In short, this version of the Lens Model is proposed for two purposes: to highlight a novel application of SJT (i.e., to study the relationship between social cues and signals), and to convey what might be necessary for direct social perception. This helps set the stage for empirical examination (see Wiltshire et al., 2014b for additional methodological issues). That is, the question then is how to define an invariant set of cues with a lawful relationship between the cues (C_i) and the perceived or inferred social signal (S_P) as argued for in Proposition 1. To address this, we propose:

Proposition 6. A lawful relationship between an invariant set of social cues and the perceived social signal would manifest through high cue correlation coefficients between all cues comprising the set, and equally high cue utilizations coefficients.

Note here we do not propose perfect correlations as would be expected by the 1:1 relationship proposed for direct perception (e.g., Vicente, 2003), nor do we provide a specific threshold for what constitutes “high correlations.” While this decision is open to critique, we would like to leave this issue as a point of discussion for empirical examination. But, perhaps, a relationship slightly less than 1:1 may enable direct perception; whereas, a relationship significantly less than 1:1 would require inference. To reiterate, Brunswik’s weighting system in the Lens Model can range from 0 (e.g., no ecological validity of a cue) to 1 (e.g., perfect ecological validity of a cue). Those weights, within some tolerance, but otherwise very nearly perfect, are thus lawful and support direct perception, whereas, we could conclude the remainder likely supports inference. As McGann (2014) recently argued, direct social perception needs to be sufficiently reliable to guide behavior in normal situations, but does not necessarily have to be exception free. This interpretation lends credence to our notion that direct perception may be possible without a 1:1 relationship.

Criticisms of using the Lens Model as an analytic technique to provide an index of direct social perception are, of course, to be expected. For example, Zebrowitz and Collins (1997) noted that the Lens Model is limited in the degree it can provide theoretically meaningful cue configurations. In addition to this, the Lens Model only captures a snapshot of social cognition a posteriori, when in fact, social cognition occurs dynamically in an ongoing stream of activity (McGann, 2014). Likewise, the interdependent processes of social perception and social cognition are dynamic and interactive and, in order for any model of this process to be ecologically valid, they must flexibly shift towards different potential meanings in real time as different social cues are conveyed (Freeman and Ambady, 2011). Additionally, another limitation of the Lens Model is its artificial isolation of sender and receiver in a social interaction. The inherent meaning of an interaction resides ultimately in the relationship between two or more agents who are both senders and receivers as they interact over time. Therefore, to clarify, we propose this version of the Lens Model here as a theoretical and analytic scaffold to structure our argument and as a means to tractably test our propositions on the relationships between social cues and signals, but do not claim that the model proposed here fully captures the complexity of social dynamics.

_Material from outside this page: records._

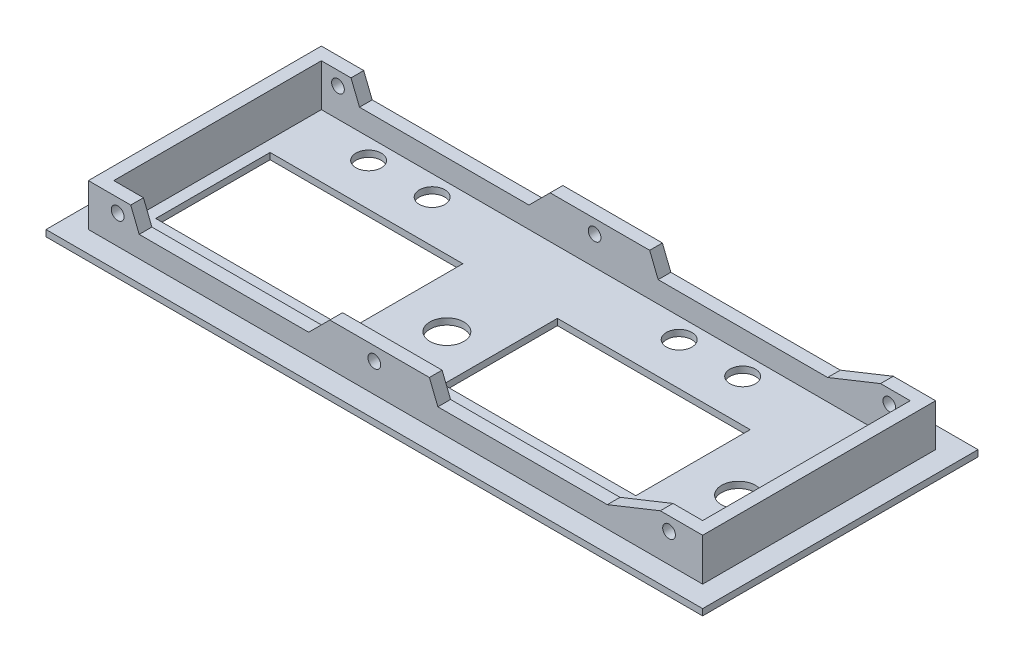
from build123d import *

# Parameters (mm, degrees)
SKETCH1_W           = 155
SKETCH1_H           = 65
BOSS_EXTRUDE1_DEPTH = 1.5
SKETCH2_W           = 145
SKETCH2_H           = 55
SKETCH2_W_2         = 139
SKETCH2_H_2         = 49
BOSS_EXTRUDE2_DEPTH = 10
CUT_EXTRUDE1_DEPTH  = 91
SKETCH5_R           = 3
SKETCH5_R_2         = 4
SKETCH5_W           = 45.5
SKETCH5_H           = 27
CUT_EXTRUDE2_DEPTH  = 91
SKETCH6_R           = 1.5
CUT_EXTRUDE3_DEPTH  = 91


with BuildPart() as part:
    # Sketch1 → Boss-Extrude1 (new body)
    with BuildSketch(Plane(origin=(0, 0, 0), x_dir=(1, 0, 0), z_dir=(0, 1, 0))):
        with Locations((-3.071428571, 5.285714286)):
            Rectangle(SKETCH1_W, SKETCH1_H)
    extrude(amount=BOSS_EXTRUDE1_DEPTH)

    # Sketch2 → Boss-Extrude2 (add)
    with BuildSketch(Plane(origin=(0, 1.5, 0), x_dir=(1, 0, 0), z_dir=(0, 1, 0))):
        with Locations((-3.071428571, 5.285714286)):
            Rectangle(SKETCH2_W, SKETCH2_H)
        with Locations((-3.071428571, 5.285714286)):
            Rectangle(SKETCH2_W_2, SKETCH2_H_2, mode=Mode.SUBTRACT)
    extrude(amount=BOSS_EXTRUDE2_DEPTH)

    # Sketch4 → Cut-Extrude1 (cut)
    with BuildSketch(Plane.XY.offset(22.214285714)):
        Polygon((-65.571428571, 11.5), (-63.571428571, 6.5), (-23.571428571, 6.5), (-18.571428571, 11.5), align=None)
        Polygon((4.928571429, 11.5), (59.428571429, 11.5), (46.928571429, 6.5), (6.928571429, 6.5), align=None)
    extrude(amount=-CUT_EXTRUDE1_DEPTH, mode=Mode.SUBTRACT)

    # Sketch5 → Cut-Extrude2 (cut)
    with BuildSketch(Plane.XZ):
        with Locations(Location((16.687112177, -24.986454546, 0), (0, 0, 270))):
            Circle(SKETCH5_R)
        with Locations(Location((31.687110951, -24.980390104, 0), (0, 0, 270))):
            Circle(SKETCH5_R)
        with Locations(Location((55.455936184, -0.234986803, 0), (0, 0, 270))):
            Circle(SKETCH5_R_2)
        with Locations(Location((-12.375354301, 0.783116326, 0), (0, 0, 270))):
            Circle(SKETCH5_R_2)
        with Locations(Location((-56.616849976, -24.986454546, 0), (0, 0, 270))):
            Circle(SKETCH5_R)
        with Locations(Location((-41.616849976, -24.986454546, 0), (0, 0, 270))):
            Circle(SKETCH5_R)
        with Locations((20.705936184, -1.486454546)):
            Rectangle(SKETCH5_W, SKETCH5_H)
        with Locations((-47.125354301, -1.486454546)):
            Rectangle(SKETCH5_W, SKETCH5_H)
    extrude(amount=-CUT_EXTRUDE2_DEPTH, mode=Mode.SUBTRACT)

    # Sketch6 → Cut-Extrude3 (cut)
    with BuildSketch(Plane.XY.offset(22.214285714)):
        with Locations((-8.074390062, 8.312033368)):
            Circle(SKETCH6_R)
        with Locations((61.496987575, 8.312033368)):
            Circle(SKETCH6_R)
        with Locations((-68.65, 8.3)):
            Circle(SKETCH6_R)
    extrude(amount=-CUT_EXTRUDE3_DEPTH, mode=Mode.SUBTRACT)


solid = part.part

At a fundamental level, “social systems are dynamical systems” and, thus, the study of such systems should be treated accordingly (Richardson et al., 2014, p. 251). Indeed, research on direct perception typically relies on the theories and tools of dynamical systems (e.g., Chemero, 2009; see Richardson et al., 2014 for review). The dynamical systems perspective and associated methodologies are of great utility here as these provide a means of characterizing social interaction and the accompanying social cognitive processes across sub-personal, personal, and supra-individual levels. In the terms of this approach, examination of these levels as an integrated unit of analysis is the study of an organism-environment system (Järvilehto, 1998), which has previously been extended to characterize social phenomena (e.g., Vallacher et al., 1994; Vallacher and Nowak, 1997; Dale et al., 2014; Richardson et al., 2014). At this level of analysis, a more globally meaningful and perhaps, lawful description and understanding of social cognition is given through the emergent self-organizational patterns evident across the multiple scales comprising social units (e.g., Good, 2007; Coey et al., 2012). But to the best of our knowledge, no guiding framework has been provided to map the complexities and dynamics of social cognition across these levels of analysis. As an initial attempt towards this, we propose the schematic conveyed in Figure 3, which is our dynamical re-envisioning of Bohl and van den Bos’ (2012) framework.

FIGURE 3

Figure 3. A dynamic representation of social cognition highlighting interdependency and reciprocal influence across the regions of the nervous system associated with Type 1 or Type 2 processes, personal-level experiences (P), bodies (B), and their coupling with each other and the (E) environment (Adapted from the work of Beer, 2000; Bohl and van den Bos, 2012; Froese et al., 2013).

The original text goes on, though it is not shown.